The president of the Rugby Board, Dr. Danie Craven, a former Springbok star, had once vowed that no non-white would ever play on a national team and that the Springbok emblem was and would evermore be reserved for whites only. Now he admitted that future teams for international matches would be picked on a multiracial, merit basis.

Mixed rugby at club level would come, conceded Craven, and "when the day dawns when there will only be mixed South African teams, we [the whites] shall gladly share the Springbok emblem with the rest, if that's what they want."

This change of attitude in rugby, which in South Africa has been a white citadel until now, is nothing short of amazing. But changes are also evident elsewhere. In a national invitation meet at the exclusively all-white Rand Afrikaans University in Johannesburg, black athletes, including Matthews Batswadi (who won a splendid 5,000 meters), Edward Sinani (winner of the 200 meters) and Sam Ditsele (800-meter winner), were cheered all the way. "There was nothing multinational about the meeting," said an official. "It was multiracial, and magnificently so. We invited the black athletes on ability and spectator appeal alone."

After the meet Batswadi, a product of the Western Deep Levels Gold Mine Athletic Club, said, "Can you imagine how I feel? I run against the best whites in the country and we are sportsmen all. And I win and it's great and I know that they don't resent my winning. I hear the crowds, the whites, applauding. And I'm thinking as I run, 'We've got something, we've got something.' And then it's all over and you look to the world, to the international scene, and you wonder, 'Where do we go from here?' " Sinani said, "Yes, it's moving. And how much faster would we all be now if this competition had been with us from the beginning, and if we blacks had got the sort of coaching that many whites get from youth."

As the Southern Transvaal League track and field season began, it was announced that meets would be open to all races. Other provincial leagues are likely to follow. South Africa's soccer associations, black and white, are getting together to work out a formula for "normalizing," as it's called, their sports. And on the cricket fields of the highveldt, the barriers, like the wickets, are tumbling down. In the Premier League established for the Transvaal, two white cricketers turned out for a non-white club against a white team. One was a former Springbok wicketkeeper, Dennis Gamsy, the other a former Natal University cricket captain, journalist Marshall Lee. Said Lee, "Playing for the non-white side was a new experience for me. It made me realize that it's the game that counts."

There is still opposition in high places, however, to anything that might go beyond government policy. Administrators, more than sportsmen, are afraid to rock the boat. "My experience over the years has been that white commitment to non-racial sport is just lip service to get international recognition." says Hassan Howa, president of the non-white Western Province Cricket Board. "We want whites to show their good faith by rejecting completely government policy, to commit themselves totally to allowing clubs to admit whom they wish so that we can have real multiracial sport."

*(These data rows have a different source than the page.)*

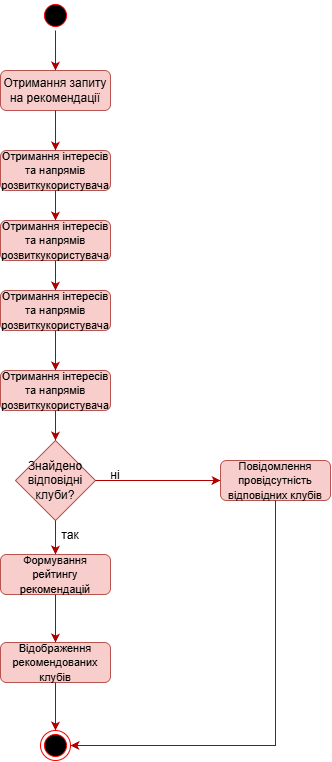

The diagram above was exported from draw.io. Its source (the exported page's mxGraphModel, read from the mxfile embedded in the PNG):
<mxGraphModel dx="1030" dy="527" grid="1" gridSize="10" guides="1" tooltips="1" connect="1" arrows="1" fold="1" page="1" pageScale="1" pageWidth="827" pageHeight="1169" math="0" shadow="0">
  <root>
    <mxCell id="0" />
    <mxCell id="1" parent="0" />
    <mxCell id="axm0ZSELevdNZMcOYTk5-5" parent="1" style="ellipse;html=1;shape=startState;fillColor=#000000;strokeColor=#ff0000;" value="" vertex="1">
      <mxGeometry height="30" width="30" x="190" y="30" as="geometry" />
    </mxCell>
    <mxCell id="axm0ZSELevdNZMcOYTk5-9" parent="1" style="rounded=1;whiteSpace=wrap;html=1;roundedPerimeter=1;fillColor=#f8cecc;strokeColor=#b85450;" value="&lt;p dir=&quot;auto&quot; style=&quot;white-space: pre-wrap;&quot;&gt;Отримання запиту на рекомендації&lt;/p&gt;" vertex="1">
      <mxGeometry height="40" width="110" x="150" y="100" as="geometry" />
    </mxCell>
    <mxCell id="axm0ZSELevdNZMcOYTk5-10" parent="1" style="rounded=1;whiteSpace=wrap;html=1;roundedPerimeter=1;fillColor=#f8cecc;strokeColor=#b85450;" value="&lt;p dir=&quot;auto&quot; style=&quot;white-space: pre-wrap;&quot;&gt;&lt;font style=&quot;font-size: 11px;&quot;&gt;Отримання інтересів та напрямів розвиткукористувача&lt;/font&gt;&lt;/p&gt;" vertex="1">
      <mxGeometry height="40" width="110" x="150" y="180" as="geometry" />
    </mxCell>
    <mxCell id="axm0ZSELevdNZMcOYTk5-11" parent="1" style="rounded=1;whiteSpace=wrap;html=1;roundedPerimeter=1;fillColor=#f8cecc;strokeColor=#b85450;" value="&lt;p dir=&quot;auto&quot; style=&quot;white-space: pre-wrap;&quot;&gt;&lt;font style=&quot;font-size: 11px;&quot;&gt;Отримання інтересів та напрямів розвиткукористувача&lt;/font&gt;&lt;/p&gt;" vertex="1">
      <mxGeometry height="40" width="110" x="150" y="250" as="geometry" />
    </mxCell>
    <mxCell id="axm0ZSELevdNZMcOYTk5-12" parent="1" style="rounded=1;whiteSpace=wrap;html=1;roundedPerimeter=1;fillColor=#f8cecc;strokeColor=#b85450;" value="&lt;p dir=&quot;auto&quot; style=&quot;white-space: pre-wrap;&quot;&gt;&lt;font style=&quot;font-size: 11px;&quot;&gt;Отримання інтересів та напрямів розвиткукористувача&lt;/font&gt;&lt;/p&gt;" vertex="1">
      <mxGeometry height="40" width="110" x="150" y="320" as="geometry" />
    </mxCell>
    <mxCell id="axm0ZSELevdNZMcOYTk5-13" parent="1" style="rounded=1;whiteSpace=wrap;html=1;roundedPerimeter=1;fillColor=#f8cecc;strokeColor=#b85450;" value="&lt;p dir=&quot;auto&quot; style=&quot;white-space: pre-wrap;&quot;&gt;&lt;font style=&quot;font-size: 11px;&quot;&gt;Отримання інтересів та напрямів розвиткукористувача&lt;/font&gt;&lt;/p&gt;" vertex="1">
      <mxGeometry height="40" width="110" x="150" y="400" as="geometry" />
    </mxCell>
    <mxCell id="axm0ZSELevdNZMcOYTk5-14" parent="1" style="rhombus;whiteSpace=wrap;html=1;shapeInside=1;fillColor=#f8cecc;strokeColor=#b85450;" value="" vertex="1">
      <mxGeometry height="80" width="80" x="165" y="470" as="geometry" />
    </mxCell>
    <mxCell id="axm0ZSELevdNZMcOYTk5-15" parent="1" style="text;html=1;whiteSpace=wrap;strokeColor=none;fillColor=none;align=center;verticalAlign=middle;rounded=0;" value="Знайдено відповідні клуби?" vertex="1">
      <mxGeometry height="30" width="60" x="175" y="495" as="geometry" />
    </mxCell>
    <mxCell id="axm0ZSELevdNZMcOYTk5-16" parent="1" style="rounded=1;whiteSpace=wrap;html=1;roundedPerimeter=1;fillColor=#f8cecc;strokeColor=#b85450;" value="&lt;p dir=&quot;auto&quot; style=&quot;white-space: pre-wrap;&quot;&gt;&lt;font style=&quot;font-size: 11px;&quot;&gt;Формування рейтингу рекомендацій&lt;/font&gt;&lt;/p&gt;" vertex="1">
      <mxGeometry height="40" width="110" x="150" y="584" as="geometry" />
    </mxCell>
    <mxCell id="axm0ZSELevdNZMcOYTk5-17" parent="1" style="rounded=1;whiteSpace=wrap;html=1;roundedPerimeter=1;fillColor=#f8cecc;strokeColor=#b85450;" value="&lt;p dir=&quot;auto&quot; style=&quot;white-space: pre-wrap;&quot;&gt;&lt;font style=&quot;font-size: 11px;&quot;&gt;Відображення рекомендованих клубів&lt;/font&gt;&lt;/p&gt;" vertex="1">
      <mxGeometry height="40" width="110" x="150" y="672" as="geometry" />
    </mxCell>
    <mxCell id="axm0ZSELevdNZMcOYTk5-18" parent="1" style="rounded=1;whiteSpace=wrap;html=1;roundedPerimeter=1;fillColor=#f8cecc;strokeColor=#b85450;" value="&lt;p dir=&quot;auto&quot; style=&quot;white-space: pre-wrap;&quot;&gt;&lt;font style=&quot;font-size: 11px;&quot;&gt;Повідомлення провідсутність відповідних клубів&lt;/font&gt;&lt;/p&gt;" vertex="1">
      <mxGeometry height="40" width="110" x="370" y="490" as="geometry" />
    </mxCell>
    <mxCell id="axm0ZSELevdNZMcOYTk5-19" parent="1" style="ellipse;html=1;shape=endState;fillColor=#000000;strokeColor=#ff0000;" value="" vertex="1">
      <mxGeometry height="30" width="30" x="190" y="760" as="geometry" />
    </mxCell>
    <mxCell id="axm0ZSELevdNZMcOYTk5-20" edge="1" parent="1" source="axm0ZSELevdNZMcOYTk5-9" style="endArrow=classic;html=1;rounded=0;defaultLabelBackgroundColor=page;fillColor=#e51400;strokeColor=#B20000;exitX=0.5;exitY=1;exitDx=0;exitDy=0;entryX=0.5;entryY=0;entryDx=0;entryDy=0;" target="axm0ZSELevdNZMcOYTk5-10" value="">
      <mxGeometry height="50" relative="1" width="50" as="geometry">
        <mxPoint x="260" y="140" as="sourcePoint" />
        <mxPoint x="310" y="90" as="targetPoint" />
      </mxGeometry>
    </mxCell>
    <mxCell id="axm0ZSELevdNZMcOYTk5-21" edge="1" parent="1" source="axm0ZSELevdNZMcOYTk5-5" style="endArrow=classic;html=1;rounded=0;defaultLabelBackgroundColor=page;fillColor=#e51400;strokeColor=#B20000;exitX=0.5;exitY=1;exitDx=0;exitDy=0;" target="axm0ZSELevdNZMcOYTk5-9" value="">
      <mxGeometry height="50" relative="1" width="50" as="geometry">
        <mxPoint x="390" y="120" as="sourcePoint" />
        <mxPoint x="390" y="160" as="targetPoint" />
      </mxGeometry>
    </mxCell>
    <mxCell id="axm0ZSELevdNZMcOYTk5-22" edge="1" parent="1" source="axm0ZSELevdNZMcOYTk5-10" style="endArrow=classic;html=1;rounded=0;defaultLabelBackgroundColor=page;fillColor=#e51400;strokeColor=#B20000;exitX=0.5;exitY=1;exitDx=0;exitDy=0;entryX=0.5;entryY=0;entryDx=0;entryDy=0;" target="axm0ZSELevdNZMcOYTk5-11" value="">
      <mxGeometry height="50" relative="1" width="50" as="geometry">
        <mxPoint x="340" y="160" as="sourcePoint" />
        <mxPoint x="340" y="200" as="targetPoint" />
      </mxGeometry>
    </mxCell>
    <mxCell id="axm0ZSELevdNZMcOYTk5-23" edge="1" parent="1" source="axm0ZSELevdNZMcOYTk5-11" style="endArrow=classic;html=1;rounded=0;defaultLabelBackgroundColor=page;fillColor=#e51400;strokeColor=#B20000;exitX=0.5;exitY=1;exitDx=0;exitDy=0;" target="axm0ZSELevdNZMcOYTk5-12" value="">
      <mxGeometry height="50" relative="1" width="50" as="geometry">
        <mxPoint x="340" y="290" as="sourcePoint" />
        <mxPoint x="340" y="330" as="targetPoint" />
      </mxGeometry>
    </mxCell>
    <mxCell id="axm0ZSELevdNZMcOYTk5-24" edge="1" parent="1" source="axm0ZSELevdNZMcOYTk5-12" style="endArrow=classic;html=1;rounded=0;defaultLabelBackgroundColor=page;fillColor=#e51400;strokeColor=#B20000;exitX=0.5;exitY=1;exitDx=0;exitDy=0;entryX=0.5;entryY=0;entryDx=0;entryDy=0;" target="axm0ZSELevdNZMcOYTk5-13" value="">
      <mxGeometry height="50" relative="1" width="50" as="geometry">
        <mxPoint x="350" y="340" as="sourcePoint" />
        <mxPoint x="350" y="380" as="targetPoint" />
      </mxGeometry>
    </mxCell>
    <mxCell id="axm0ZSELevdNZMcOYTk5-25" edge="1" parent="1" source="axm0ZSELevdNZMcOYTk5-13" style="endArrow=classic;html=1;rounded=0;defaultLabelBackgroundColor=page;fillColor=#e51400;strokeColor=#B20000;exitX=0.5;exitY=1;exitDx=0;exitDy=0;entryX=0.5;entryY=0;entryDx=0;entryDy=0;" target="axm0ZSELevdNZMcOYTk5-14" value="">
      <mxGeometry height="50" relative="1" width="50" as="geometry">
        <mxPoint x="300" y="460" as="sourcePoint" />
        <mxPoint x="300" y="500" as="targetPoint" />
      </mxGeometry>
    </mxCell>
    <mxCell id="axm0ZSELevdNZMcOYTk5-26" edge="1" parent="1" source="axm0ZSELevdNZMcOYTk5-14" style="endArrow=classic;html=1;rounded=0;defaultLabelBackgroundColor=page;fillColor=#e51400;strokeColor=#B20000;exitX=1;exitY=0.5;exitDx=0;exitDy=0;entryX=0;entryY=0.5;entryDx=0;entryDy=0;" target="axm0ZSELevdNZMcOYTk5-18" value="">
      <mxGeometry height="50" relative="1" width="50" as="geometry">
        <mxPoint x="260" y="520" as="sourcePoint" />
        <mxPoint x="260" y="560" as="targetPoint" />
      </mxGeometry>
    </mxCell>
    <mxCell id="axm0ZSELevdNZMcOYTk5-27" edge="1" parent="1" source="axm0ZSELevdNZMcOYTk5-14" style="endArrow=classic;html=1;rounded=0;defaultLabelBackgroundColor=page;fillColor=#e51400;strokeColor=#B20000;exitX=0.5;exitY=1;exitDx=0;exitDy=0;entryX=0.5;entryY=0;entryDx=0;entryDy=0;" target="axm0ZSELevdNZMcOYTk5-16" value="">
      <mxGeometry height="50" relative="1" width="50" as="geometry">
        <mxPoint x="330" y="550" as="sourcePoint" />
        <mxPoint x="330" y="590" as="targetPoint" />
      </mxGeometry>
    </mxCell>
    <mxCell id="axm0ZSELevdNZMcOYTk5-28" edge="1" parent="1" source="axm0ZSELevdNZMcOYTk5-16" style="endArrow=classic;html=1;rounded=0;defaultLabelBackgroundColor=page;fillColor=#e51400;strokeColor=#B20000;exitX=0.5;exitY=1;exitDx=0;exitDy=0;entryX=0.5;entryY=0;entryDx=0;entryDy=0;" target="axm0ZSELevdNZMcOYTk5-17" value="">
      <mxGeometry height="50" relative="1" width="50" as="geometry">
        <mxPoint x="350" y="640" as="sourcePoint" />
        <mxPoint x="350" y="680" as="targetPoint" />
      </mxGeometry>
    </mxCell>
    <mxCell id="axm0ZSELevdNZMcOYTk5-29" edge="1" parent="1" source="axm0ZSELevdNZMcOYTk5-17" style="endArrow=classic;html=1;rounded=0;defaultLabelBackgroundColor=page;fillColor=#e51400;strokeColor=#B20000;exitX=0.5;exitY=1;exitDx=0;exitDy=0;entryX=0.5;entryY=0;entryDx=0;entryDy=0;" target="axm0ZSELevdNZMcOYTk5-19" value="">
      <mxGeometry height="50" relative="1" width="50" as="geometry">
        <mxPoint x="340" y="690" as="sourcePoint" />
        <mxPoint x="340" y="730" as="targetPoint" />
      </mxGeometry>
    </mxCell>
    <mxCell id="axm0ZSELevdNZMcOYTk5-30" edge="1" parent="1" source="axm0ZSELevdNZMcOYTk5-18" style="endArrow=classic;html=1;rounded=0;defaultLabelBackgroundColor=page;fillColor=#e51400;strokeColor=#B20000;entryX=1;entryY=0.5;entryDx=0;entryDy=0;exitX=0.5;exitY=1;exitDx=0;exitDy=0;" target="axm0ZSELevdNZMcOYTk5-19" value="">
      <mxGeometry height="50" relative="1" width="50" as="geometry">
        <Array as="points">
          <mxPoint x="425" y="775" />
        </Array>
        <mxPoint x="360" y="710" as="sourcePoint" />
        <mxPoint x="360" y="750" as="targetPoint" />
      </mxGeometry>
    </mxCell>
    <mxCell id="axm0ZSELevdNZMcOYTk5-31" parent="1" style="text;html=1;whiteSpace=wrap;strokeColor=none;fillColor=none;align=center;verticalAlign=middle;rounded=0;" value="так" vertex="1">
      <mxGeometry height="30" width="60" x="190" y="550" as="geometry" />
    </mxCell>
    <mxCell id="axm0ZSELevdNZMcOYTk5-32" parent="1" style="text;html=1;whiteSpace=wrap;strokeColor=none;fillColor=none;align=center;verticalAlign=middle;rounded=0;" value="ні" vertex="1">
      <mxGeometry height="30" width="60" x="235" y="490" as="geometry" />
    </mxCell>
  </root>
</mxGraphModel>

One of the country's leading black sportswriters, Theo Mtembu, says, "I'm supremely optimistic about sport and race relations in South Africa. I've been a sportsman and a sportswriter for some years, and I can remember when a visiting team came here to play the all-white so-called national side, and we shouted for the visitors. The South African side wasn't completely our side, you see.

"And then I think my greatest moment was watching that Argentinian soccer game against a mixed South African side, and I saw those players, black and white, hug each other like school kids when Jomo Sono began scoring those beautiful goals of his. And the crowd, blacks and whites, cheered with one voice. And then there was the rugby match in Port Elizabeth. 'Listen,' I said to pals. 'Listen to what?' they said. 'Listen to the barriers falling,' I said. 'Listen to the walls come tumbling down.' Sure we've got a long way to go. And for a lot of people we aren't moving fast enough. But I know that South African sportsmen are learning, even if they're learning late, that integration's the name of the game."